Your task => Starting at the top line, print the entries below exactly as they are and skip every picture.

Dataset records =>
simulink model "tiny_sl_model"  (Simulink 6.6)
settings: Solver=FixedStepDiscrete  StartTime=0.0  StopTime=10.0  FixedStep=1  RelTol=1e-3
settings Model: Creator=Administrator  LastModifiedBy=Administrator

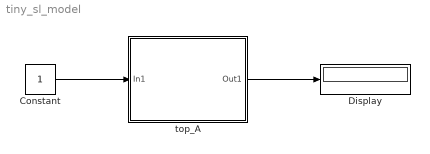
== system tiny_sl_model ==
  Constant : Constant
  Display : Display
  top_A : Subsystem
  wires:
  top_A/1(Out1) -> Display/1
  Constant/1 -> top_A/1(In1)

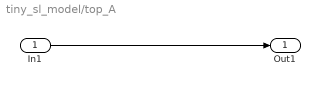
== system tiny_sl_model/top_A ==
  In1 : Inport
  Out1 : Outport
  wires:
  In1/1 -> Out1/1

Answer space =>
simulink model "tiny_sl_model"  (Simulink 6.6)
settings: Solver=FixedStepDiscrete  StartTime=0.0  StopTime=10.0  FixedStep=1  RelTol=1e-3
settings Model: Creator=Administrator  LastModifiedBy=Administrator

== system tiny_sl_model ==
  Constant : Constant
  Display : Display
  top_A : Subsystem
  wires:
  top_A/1(Out1) -> Display/1
  Constant/1 -> top_A/1(In1)

== system tiny_sl_model/top_A ==
  In1 : Inport
  Out1 : Outport
  wires:
  In1/1 -> Out1/1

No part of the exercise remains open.